_Problem to solve:_ If a line of the records contains the word "diagram", list it.

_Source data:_

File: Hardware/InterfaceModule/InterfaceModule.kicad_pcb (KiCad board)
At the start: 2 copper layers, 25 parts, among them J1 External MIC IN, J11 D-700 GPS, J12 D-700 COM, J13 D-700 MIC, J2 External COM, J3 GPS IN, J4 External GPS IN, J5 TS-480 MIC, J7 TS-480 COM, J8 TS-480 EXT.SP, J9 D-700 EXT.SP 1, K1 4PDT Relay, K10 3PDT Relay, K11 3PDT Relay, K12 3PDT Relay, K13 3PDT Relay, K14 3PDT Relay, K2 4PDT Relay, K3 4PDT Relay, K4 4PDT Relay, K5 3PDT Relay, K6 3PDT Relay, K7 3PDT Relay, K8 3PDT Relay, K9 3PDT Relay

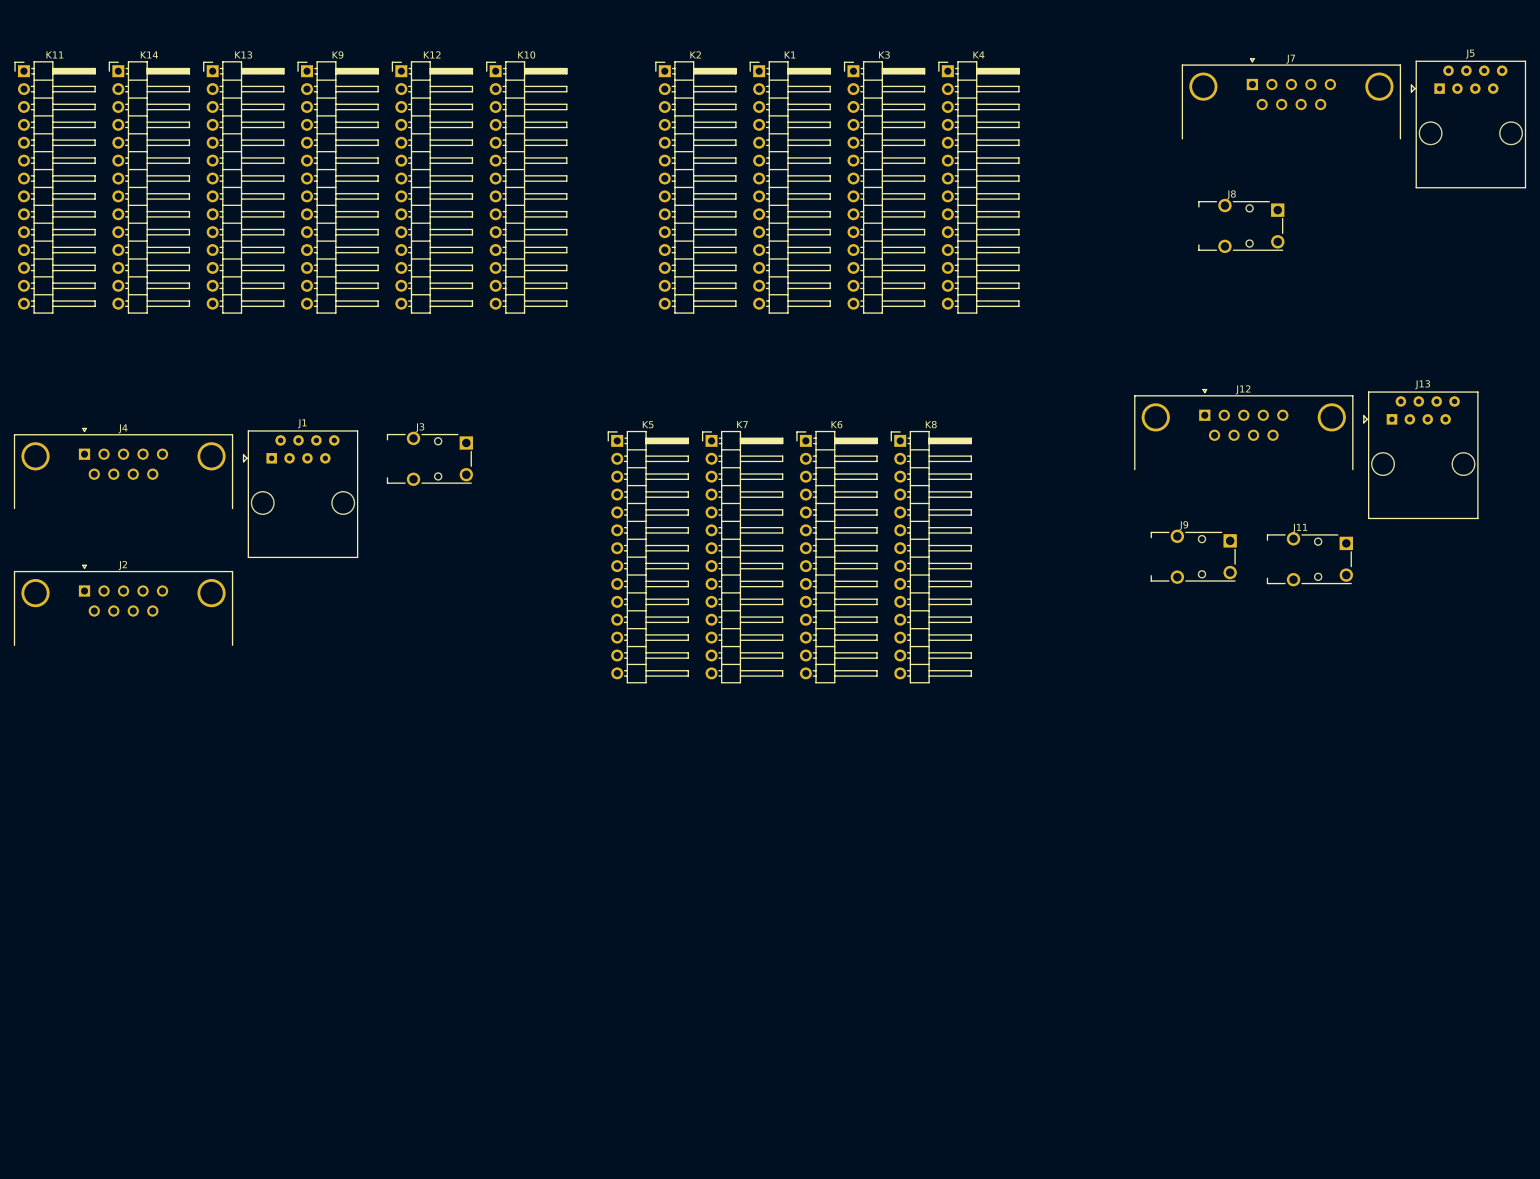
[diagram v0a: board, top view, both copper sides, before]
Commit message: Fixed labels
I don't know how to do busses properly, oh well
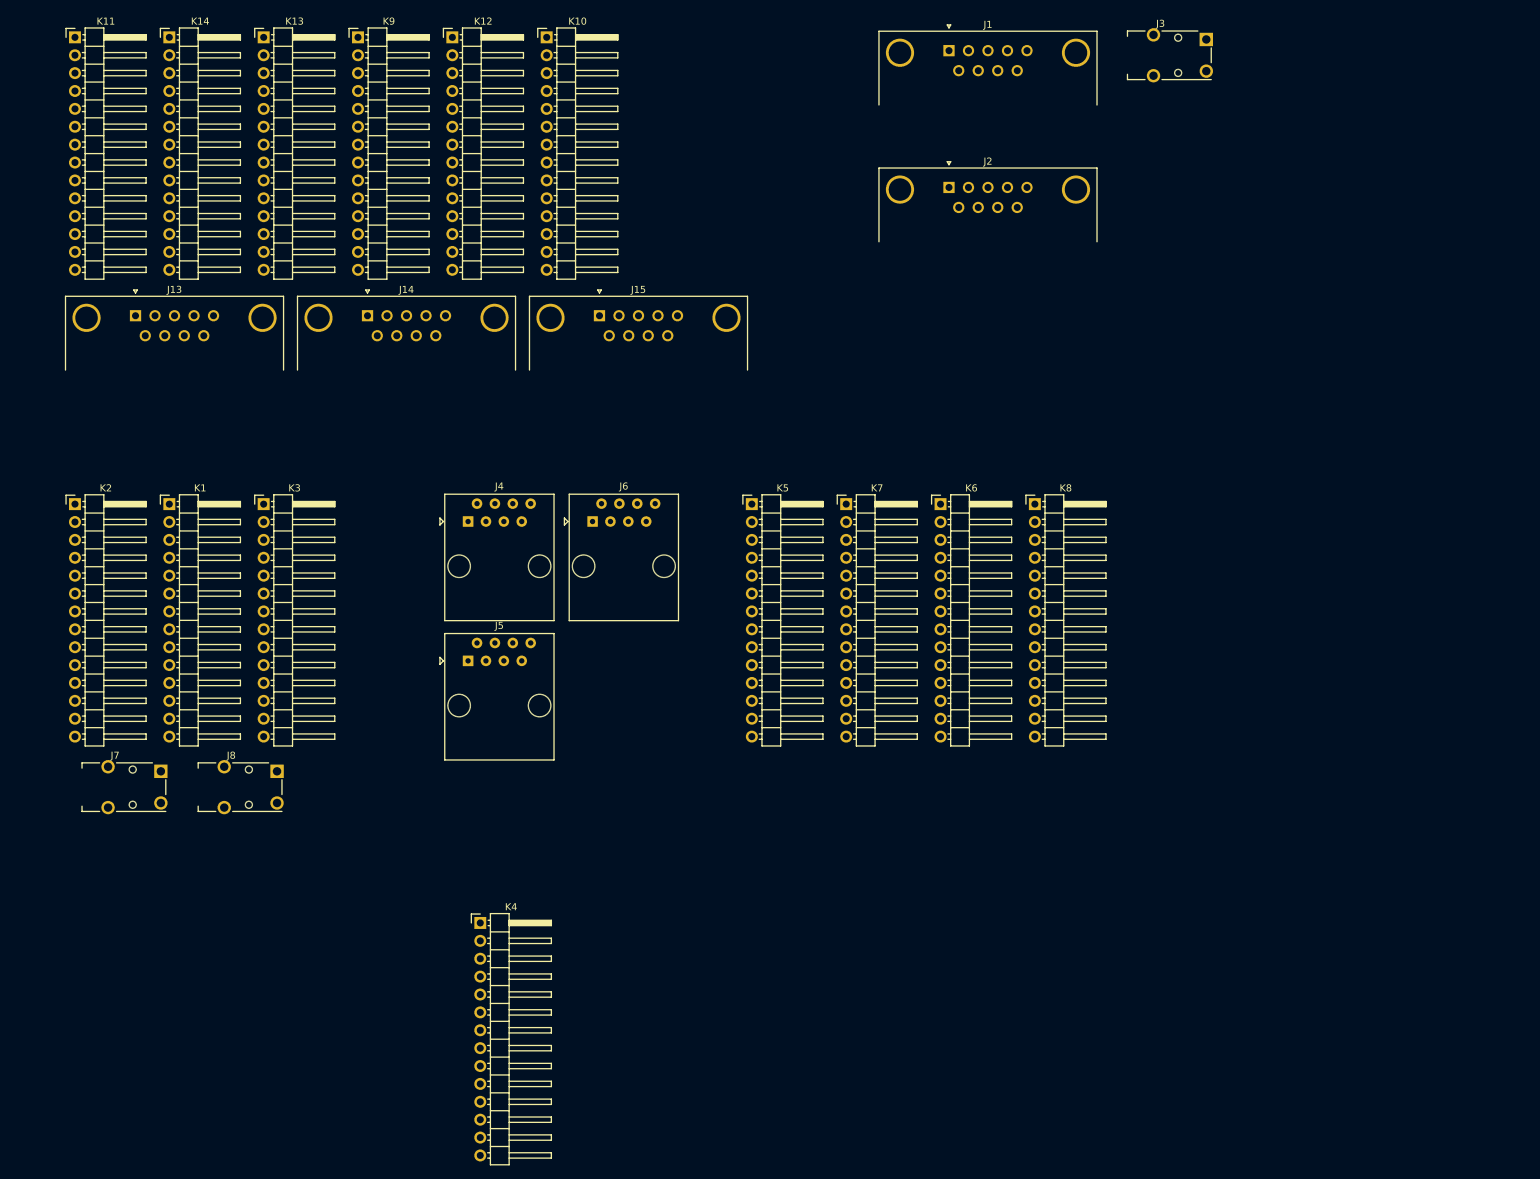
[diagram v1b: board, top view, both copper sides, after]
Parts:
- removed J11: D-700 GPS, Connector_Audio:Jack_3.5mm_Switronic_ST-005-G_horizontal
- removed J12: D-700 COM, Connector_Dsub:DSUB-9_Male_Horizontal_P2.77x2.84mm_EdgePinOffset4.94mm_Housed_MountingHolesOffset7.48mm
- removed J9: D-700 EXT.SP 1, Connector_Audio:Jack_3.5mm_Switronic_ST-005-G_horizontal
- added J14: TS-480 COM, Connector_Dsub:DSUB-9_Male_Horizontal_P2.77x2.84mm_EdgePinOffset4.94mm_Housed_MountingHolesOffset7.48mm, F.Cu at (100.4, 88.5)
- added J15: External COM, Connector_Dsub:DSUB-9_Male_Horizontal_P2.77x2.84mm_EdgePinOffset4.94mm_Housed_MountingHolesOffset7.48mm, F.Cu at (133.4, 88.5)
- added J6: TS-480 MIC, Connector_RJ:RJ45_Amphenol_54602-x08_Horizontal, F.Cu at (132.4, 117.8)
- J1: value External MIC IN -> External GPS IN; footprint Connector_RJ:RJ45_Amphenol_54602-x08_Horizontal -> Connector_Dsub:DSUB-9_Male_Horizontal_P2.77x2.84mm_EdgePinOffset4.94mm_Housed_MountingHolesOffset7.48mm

_Response to this task:_
[diagram v0a: board, top view, both copper sides, before]
[diagram v1b: board, top view, both copper sides, after]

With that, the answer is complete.